Monday, January 7, 2013

Possibly The Most Incompetent Atheist Argument In History

If you've encountered many atheists online, you're likely to have read a claim that morality preceded religion and that it is independent of it.  Jerry Coyne is the first person I saw say that online but I've seen it asserted more and more since then.  When that happens on the atheist blogosphere you can be pretty  sure that some line of tripe is being pushed by someone.  Probably from CFI or the "Science" or "Freethought" blogs.  I'd guess someone at least of the alleged authority of Coyne or Orac or PZ is the prime mover of it.

In a recent online argument, I finally got around to demanding that the atheist making the claim back it up by naming the earliest documents containing a moral code and verifying their non-religious character.  Here's what he came up with:


Codes of conduct and morality without any reference to religion:
Code of Hamurabi, Ancient Roman civil law, Aristotle's works on ethics and politics, English Common Law, Confucianism of Imperial China

You probably noticed a few problems with this list as proof that morality came about before religion and independently of it.    Other than the Code of Hammurabi, none of those extend back nearly to the dawn of recorded civilization.  Every one of them are products of religious cultures and governments with either official or de facto state religions, at least three of them have monarchs either anointed by God or claim gods in their actual ancestry.   English common law recognizes "acts of God",  after all.   Every one of them incorporate religion, quite arguably, even that recent atheist hobby horse, Aristotle*.

Even Confucianism,  often listed as a "secular religion" fails in this argument.   The Analects of Confucius,  VII Chapter 22 says:


The Master said, `Heaven produced the virtue that is in me. Hwan T'ui what can he do to me?'


XX Chapter 3 says:

The Master said, `Without recognising the ordinances of Heaven, it is impossible to be a superior man.

So, the atheist's citation says that heaven not only produces virtue but it is impossible to be a superior man without recognizing the ordinances of heaven.   Clearly the atheist use of Confucius in this argument is based on suppression and distortion or, more likely total ignorance.  Its success could only depend on ignorance and being too lazy to look up what the document says.

The one  alleged support of the atheist position that is not disqualified on the basis of chronology, Hammurabi's code, also flops rather badly in the atheist argument, something which would be apparent if one of the atheists making that use of it had performed the most basic of scholarly tests, READING IT.    Here is how the document begins:

When Anu the Sublime, King of the Anunaki, and Bel, the lord of Heaven and earth, who decreed the fate of the land, assigned to Marduk, the over-ruling son of Ea, God of righteousness, dominion over earthly man, and made him great among the Igigi, they called Babylon by his illustrious name, made it great on earth, and founded an everlasting kingdom in it, whose foundations are laid so solidly as those of heaven and earth; then Anu and Bel called by name me, Hammurabi, the exalted prince, who feared God, to bring about the rule of righteousness in the land, to destroy the wicked and the evil-doers; so that the strong should not harm the weak; so that I should rule over the black-headed people like Shamash, and enlighten the land, to further the well-being of mankind.

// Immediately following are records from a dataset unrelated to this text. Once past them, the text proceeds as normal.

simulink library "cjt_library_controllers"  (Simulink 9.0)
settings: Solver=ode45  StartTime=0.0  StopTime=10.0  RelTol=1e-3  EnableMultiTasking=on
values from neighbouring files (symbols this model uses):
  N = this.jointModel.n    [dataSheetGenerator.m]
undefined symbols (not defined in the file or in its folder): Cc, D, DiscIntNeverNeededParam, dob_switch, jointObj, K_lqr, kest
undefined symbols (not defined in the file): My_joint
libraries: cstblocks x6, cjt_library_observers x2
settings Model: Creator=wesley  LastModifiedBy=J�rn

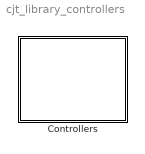
== system cjt_library_controllers ==
  Controllers : Subsystem

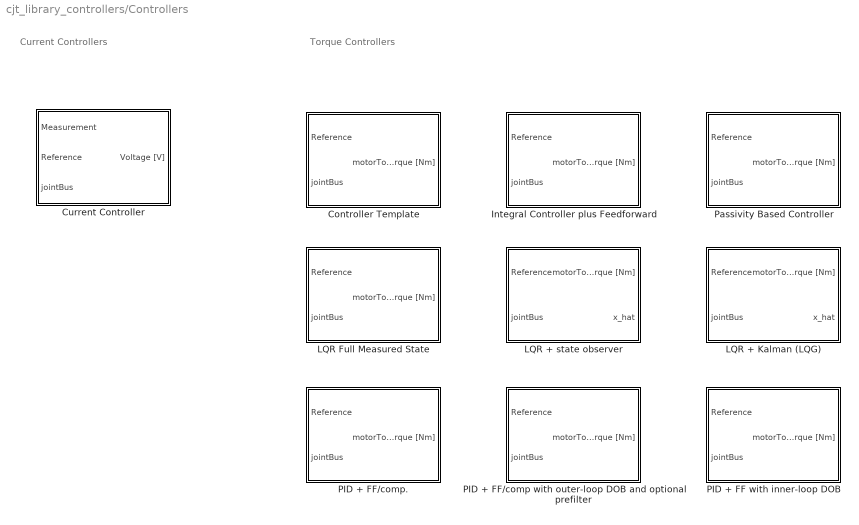
== system cjt_library_controllers/Controllers ==
  note: Torque Controllers
  note: Current Controllers
  Controller Template : Subsystem  mask(CJT Controller Template){jointObj=jointObj}
      mask prompts: jointObj "Joint Object"
      mask help:
      | This is a template block. If you have a controller that you wish to contribute to this library, this block here  represents your interface.
      |
      | Here are the steps to contribute your controller using this template:
      |
      | 1. Copy this block into your development. Disable and break its link to this library. You now have a copy of the interface in your model that is disconnected from the library.
      |
      | 2. Implement your controller within this block. The controller should use no hardcoded values. Wherever you can, access the properties of a CJT joint object. The joint object should be passed to the block through the mask as first parameter (e.g. jointObj).
      |
      | 3. Complete the block mask, so the user can specify all block properties programatically or manually through the mask.
      |
      | 4. Make an example:
      | a) Clean your development model up and convert it into a minimum example that demonstrates the use of your block.
      | b) Create an m-script that configures the required joint object and simulation parameters, runs the model.and displays some results. See existing examples and copy their format.
      | c) Write the documentation of your block.
      |
      | 5. Write a unit test. Look into the unit test directory and open the unit test file for this library. Add a test for your block. A good point to start is your example. Make the test pass.
      |
      | 6. Submit your contribution!
      |
      | Thanks a lot!
      |
      | 7.
      mask init:
      | % Do all the controller related computations here.
      | % Compute gains etc.
      | 
      | % E.g. get linear dynamics matrices first...
      | [A, B, C, I, D, K] = jointObj.getDynamicsMatrices();
      | 
      | % YOUR CODE HERE
      mask Help:
      | This is a template block. If you have a controller that you wish to contribute to this library, this block here  represents your interface.
      | 
      | Here are the steps to contribute your controller using this template:
      | 
      | 1. Copy this block into your development. Disable and break its link to this library. You now have a copy of the interface in your model that is disconnected from the library.
      | 
      | 2. Implement your controller within this block. The controller should use no hardcoded values. Wherever you can, access the properties of a CJT joint object. The joint object should be passed to the block through the mask as first parameter (e.g. jointObj).
      | 
      | 3. Complete the block mask, so the user can specify all block properties programatically or manually through the mask.
      | 
      | 4. Make an example:
      | a) Clean your development model up and convert it into a minimum example that demonstrates the use of your block.
      | b) Create an m-script that configures the required joint object and simulation parameters, runs the model.and displays some results. See existing examples and copy their format.
      | c) Write the documentation of your block.
      | 
      | 5. Write a unit test. Look into the unit test directory and open the unit test file for this library. Add a test for your block. A good point to start is your example. Make the test pass.
      | 
      | 6. Submit your contribution!
      | 
      | Thanks a lot!
  Current Controller : Subsystem  mask(CJT Torque Controller){jointObj=My_joint, P_Gain=1, I_Gain=0.05, ff_chk=on, bemf_chk=on}
      mask prompts: jointObj "Joint Object"; P_Gain "Proportional Gain"; I_Gain "Integral Gain"; ff_chk "Feedforward Action"; bemf_chk "Back EMF Compensation"
      mask help:
      | The block implements a PI current controller augmented by a voltage feedforward term and a back-EMF compensation based on motor velocity readings.
      |
      | This block serves in combination with an electrical subsystem block.
      |
      | Click >Help< for details on the parameters.
      mask init:
      | ff_enable = 0;
      | if ff_chk
      |     ff_enable = 1.0;
      | end
      | 
      | bemf_enable = 0;
      | if bemf_chk
      |     bemf_enable = 1.0;
      | end
      mask Help:
      | The block implements a PI current controller augmented by a voltage feedforward term and a back-EMF compensation based on motor velocity readings.
      | 
      | This block serves in combination with an electrical subsystem block.
      | 
      | <b>Mask parameters:</b>
      | 
      | Joint Object:  The class name of the CJT joint class name or the variable representing an instance of a CJT joint class, describing the
      | 
      | Proportional Gain: PI controller P-gain
      | Integral Gain: PI controller I-gain
      | 
      | Feedforward Action: check, if feedforward action is desired.
      | Back EMF Compensation : check, if back EMF compensation shall be active .
  Integral Controller plus Feedforward : Subsystem  mask(CJT Torque Controller){jointObj=jointObj, I_Gain=10}
      mask prompts: jointObj "Joint Object"; I_Gain "Integral gain K_I"
      mask help:
      | The block implements a torque controller comprised of a feedforward term complemented by an integral action with gain K_I to compensate for disturbances.
      |
      | Click >Help< for further documentation.
      mask Help:
      | The block implements a torque controller comprised of a feedforward term complemented by an integral action to compensate for disturbances. This type of controller has been used and discussed as lag-type control design in comparison to a pure feedforward action as well as a Proportional-Derivative control action in [1].
      | 
      | <b>Mask parameters:</b>
      | 
      | Joint Object:  The class name of the CJT joint class name or the variable representing an instance of a CJT joint class, describing the
      | 
      | K<sub>I</sub>: Integral gain
      | 
      | According to [1] the controller reduces disturbances up to a frequency <i>f = K<sub>I</sub>  / ( 2 PI ). </i>
      | 
      | <b>References:</b>
      | [1] D. Vischer and O. Khatib, â€œDesign and development of high-performance torque-controlled joints,â€ Robotics and Automation, IEEE Transactions on, vol. 11, no. 4, pp. 537â€“544, 1995.
      | [2] M. C. Readman, Flexible Joint Robots. CRC press, 1994.
  LQR + Kalman (LQG) : Subsystem  mask{jointObj=jointObj, outputIdx=7, Q=diag([0 0 1000 0 0 0]), R=5e-6, var_u=0.12^2, var_y=1.8e-10}
      mask prompts: jointObj "Joint Object (fixed output model)"; outputIdx "Measured output"; Q "State weighing matrix Q"; R "Input weighing matrix R"; var_u "Input noise variance"; var_y "Measurement noise variance"
      mask init:
      | % Get linear dynamics matrices
      | [A, B, C, D] = jointObj.getDynamicsMatrices();
      | 
      | % Parameters
      | N_outputs       = size(C,1);
      | 
      | % Get LQR gain and Kalman observer
      | [K_lqr, N]  	= getLQR(jointObj, outputIdx, Q, R);
      | [kest, L, Cc]	= getKalman(jointObj, outputIdx, var_u, var_y);
      | 
      | % Indexes of output states
      | kest_stateIdx   = kest.OutputGroup.StateEstimate;
      | 
      | % Discretize using Tustin transform
      | kest_tust       = c2d(kest, jointObj.Ts, 'tustin');
  LQR + state observer : Subsystem  mask{jointObj=jointObj, outputIdx=7, Q=diag([0 0 1000 0 0 0]), R=5e-6, place_gain=4}
      mask prompts: jointObj "Joint Object"; outputIdx "Measured output"; Q "State weighing matrix Q"; R "Input weighing matrix R"; place_gain "Pole placement gain"
      mask init:
      | % Get linear dynamics matrices
      | [A, B, C, D] = jointObj.getDynamicsMatrices();
      | 
      | % Parameters
      | N_outputs = size(C,1);
      | 
      | % Get LQR gain and state observer
      | [K_lqr, N]          = getLQR(jointObj, outputIdx, Q, R);
      | [sys_hat, L, Cc]	= getObserver(jointObj, outputIdx, place_gain, Q, R);
      | 
      | % Discretize using Tustin transform
      | sys_hat_tust = c2d(sys_hat, jointObj.Ts, 'tustin');
  LQR Full Measured State : Subsystem  mask{jointObj=My_joint, outputIdx=7, Q=diag([0 0 1000 0 0 0]), R=5e-6}
      mask prompts: jointObj "Joint Object"; outputIdx "Measured output"; Q "State weighing matrix Q"; R "Input weighing matrix R"
      mask init:
      | % Get linear dynamics matrices
      | [A, B, C, D] = jointObj.getDynamicsMatrices();
      | 
      | % Get LQR gain and premultiplication matrix N
      | [K_lqr, N]          = getLQR(jointObj, outputIdx, Q, R);
      | 
      | % Get selector to obtain full state from outputs y
      | % This makes use of the fact that the first 6 outputs are the states
      | outputToStates      = C(1:6,:)';
  PID + FF with inner-loop DOB : Subsystem  mask(PID + FF with inner-loop DOB){jointObj=jointObj, Kp=1, Ki=0, Kd=0, N=2*pi*200, ff_comp_switch=Feed-forward, DOB_enabled=on, f_c=100, measIdx=[7]}
      mask prompts: jointObj "Joint Object"; Kp "Proportional gain Kp"; Ki "Integral gain Ki"; Kd "Derivative gain Kd"; N "Filter coefficient N"; ff_comp_switch "Spring force rejection"; DOB_enabled "DOB enabled"; f_c "DOB cut-off frequency [Hz]"; measIdx "Measurement index"
      mask help:
      | This block implements a PID torque controller with optional feed-forward or compensation term, supplemented with an inner-loop DOB.
      |
      | Click >Help< for further documentation.
      mask init:
      | % Get linear dynamics matrices
      | [A, B, C, D, I, R, K] = jointObj.getDynamicsMatrices();
      mask Help:
      | This block implements a PID torque controller with optional feed-forward or compensation term, supplemented with an inner-loop DOB. The DOB is based on the nominal open-loop plant dynamics.
      | 
      | <b>Mask parameters:</b>
      | 
      | Joint Object: The class name of the CJT joint class name or the variable representing an instance of a CJT joint class.
      | K<sub>P</sub>, K<sub>I</sub>, K<sub>D</sub>: Proportional, derivative, and integral gain, respectively.
      | N: Derivative low-pass filter coefficient
      | DOB cutoff frequency: Cut-off frequency computed for the low-pass filter that must be used to make the inverse transfer function realisible.
      | Measurement index: Measured plant output that should be used for the DOB.
      | 
      | 
      | <b>References:</b>
      | 
      | H. S. Lee and M. Tomizuka, "Robust motion controller design for high-accuracy positioning systems". In IEEE Transactions on Industrial Electronics, vol. 43, no. 1, pp. 48--55, 1996.
      | 
      | W. Roozing, J. Malzahn, D. G. Caldwell, and N. G. Tsagarakis, "Comparison of open-loop and closed-loop disturbance observers for series elastic actuators". In Intelligent Robots and Systems (IROS), 2016 IEEE/RSJ International Conference on, 2016, pp. 3842--3847.
      | 
      | M. C. Readman, Flexible Joint Robots. CRC press, 1994.
      mask TypeOptions ff_comp_switch: Compensation | Feed-forward | Off
      mask Callback DOB_enabled:
      | % Toggle all DOB fields
      | fields = {  'f_c', ...
      |             'measIdx'
      |          };
      | toggleMaskFields(gcbh, 'DOB_enabled', fields, 'on');
      mask DialogControl Container3 Prompt: Controller
      mask DialogControl ParameterGroupVar Prompt: DOB parameters
  PID + FF/comp with outer-loop DOB and optional prefilter : Subsystem  mask(PID + FF/comp with outer-loop DOB and optional prefilter){jointObj=jointObj, Kp=0.1, Ki=0, Kd=0.001, N=2*pi*200, ff_comp_switch=Feed-forward, DOB_enable_switch=On, premult_enable_switch=Off, loadData=off, modelFname=DOB_results.mat, f_c_FF=50, f_c_DOB=80}
      mask prompts: jointObj "Joint Object"; Kp "Proportional gain Kp"; Ki "Integral gain Ki"; Kd "Derivative gain Kd"; N "Derivative filter coefficient N"; ff_comp_switch "Spring force rejection"; DOB_enable_switch "DOB"; premult_enable_switch "Premultiplication"; loadData "Load model/filters from file (see getLinearDOB_fromData)"; modelFname "Model/filters file (.mat)"; f_c_FF "Premultiplication (model inversion) cutoff frequency [Hz]"; f_c_DOB "DOB cutoff frequency [Hz]"
      mask help:
      | This block implements a PID torque controller with optional feed-forward or compensation term, supplemented with an outer-loop DOB and optional prefilter.
      |
      | Click >Help< for further documentation.
      mask init:
      | mask_PID_FFComp_OuterLoopDOB
      mask Help:
      | This block implements a PID torque controller with optional feed-forward or compensation term, supplemented with an outer-loop DOB and optional prefilter. The DOB is based on a nominal model of the closed control loop. Multiplication by the prefilter simply means taking the inverse of the closed-loop as premultiplication, with a low-pass filter, very similar to a classical lead filter.
      | 
      | <b>Mask parameters:</b>
      | 
      | Joint Object: The class name of the CJT joint class name or the variable representing an instance of a CJT joint class.
      | K<sub>P</sub>, K<sub>I</sub>, K<sub>D</sub>: Proportional, derivative, and integral gain, respectively.
      | N: Derivative low-pass filter coefficient
      | Models/filters file: Instead of analytical computation from the given joint model, a DOB model can be loaded from file, that is e.g. computed from experimental data.
      | Premultiplication and DOB cutoff frequency: Cut-off frequency computed for the low-pass filters that must be used to make the inverse transfer functions realisible.
      | 
      | 
      | <b>References:</b>
      | 
      | M. C. Readman, Flexible Joint Robots. CRC press, 1994.
      | 
      | K. Kong, J. Bae, and M. Tomizuka, "Control of Rotary Series Elastic Actuator for Ideal Force-Mode Actuation in Human-Robot Interaction Applications". In: IEEE/ASME Transactions on Mechatronics, vol. 14, no. 1, pp. 105--118, Feb. 2009.
      | 
      | N. Paine, S. Oh, and L. Sentis, "Design and Control Considerations for High-Performance Series Elastic Actuators". In: IEEE/ASME Transactions on Mechatronics, vol. 19, no. 3, pp. 1080--1091, Jun. 2014.
      | 
      | N. Paine, J. S. Mehling, J. Holley, N. A. Radford, G. Johnson, C.-L. Fok, and L. Sentis, "Actuator Control for the NASA-JSC Valkyrie Humanoid Robot: A Decoupled Dynamics Approach for Torque Control of Series Elastic Robots: Actuator Control for the NASA-JSC Valkyrie Humanoid Robot". In: Journal of Field Robotics, vol. 32, no. 3, pp. 378--396, May 2015.
      | 
      | J. S. Mehling, J. Holley, and M. K. O'Malley, "Leveraging disturbance observer based torque control for improved impedance rendering with series elastic actuators". In: IEEE/RSJ International Conference on Intelligent Robots and Systems (IROS), 2015, pp. 1646--1651.
      | 
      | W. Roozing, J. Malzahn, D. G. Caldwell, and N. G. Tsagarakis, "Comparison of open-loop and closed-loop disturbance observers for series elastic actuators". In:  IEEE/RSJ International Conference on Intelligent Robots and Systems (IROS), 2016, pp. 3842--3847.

Even taking into account the nearly universal insistence by atheists that everything be a set up job in their favor, there is no way that texts that prove the opposite of their argument actually proves their argument.   Clearly Hammurabi says that his authority to set up his law code comes from a divine command.

Really, even given the appallingly low standards of atheist arguments, this has to count as one of the most incompetent of those I've ever seen.   Though, as I interact more with atheists online, it's clear you can be taken as an authority among them while demonstrating complete disdain for and ignorance of the most basic standards of scholarship.


* Contemporary atheists are generally ignorant of history and the necessity of having to read something before you really know what it says.   As a substitute for reading primary documents they depend, not on scholarly secondary documentation, but tertiary ideological junk and the even less reliable stuff that comes from TV.   I'm not interested in getting into a long argument over the man who introduced the concept of the "unmoved mover" so useful to medieval theology.  For my argument it's only necessary to note that Aristotle hardly represents the oldest documentary evidence of morality and, since it's doubtful he had access to those oldest sources,  his ideas on the origin of morality are entirely speculative.   I'm not a scholar of the history of Aristotelian philosophy but I'd be surprised if he wasn't made most use of by Jewish, Christian and Islamic moral theologians, who found support for their religious ideas in his writing.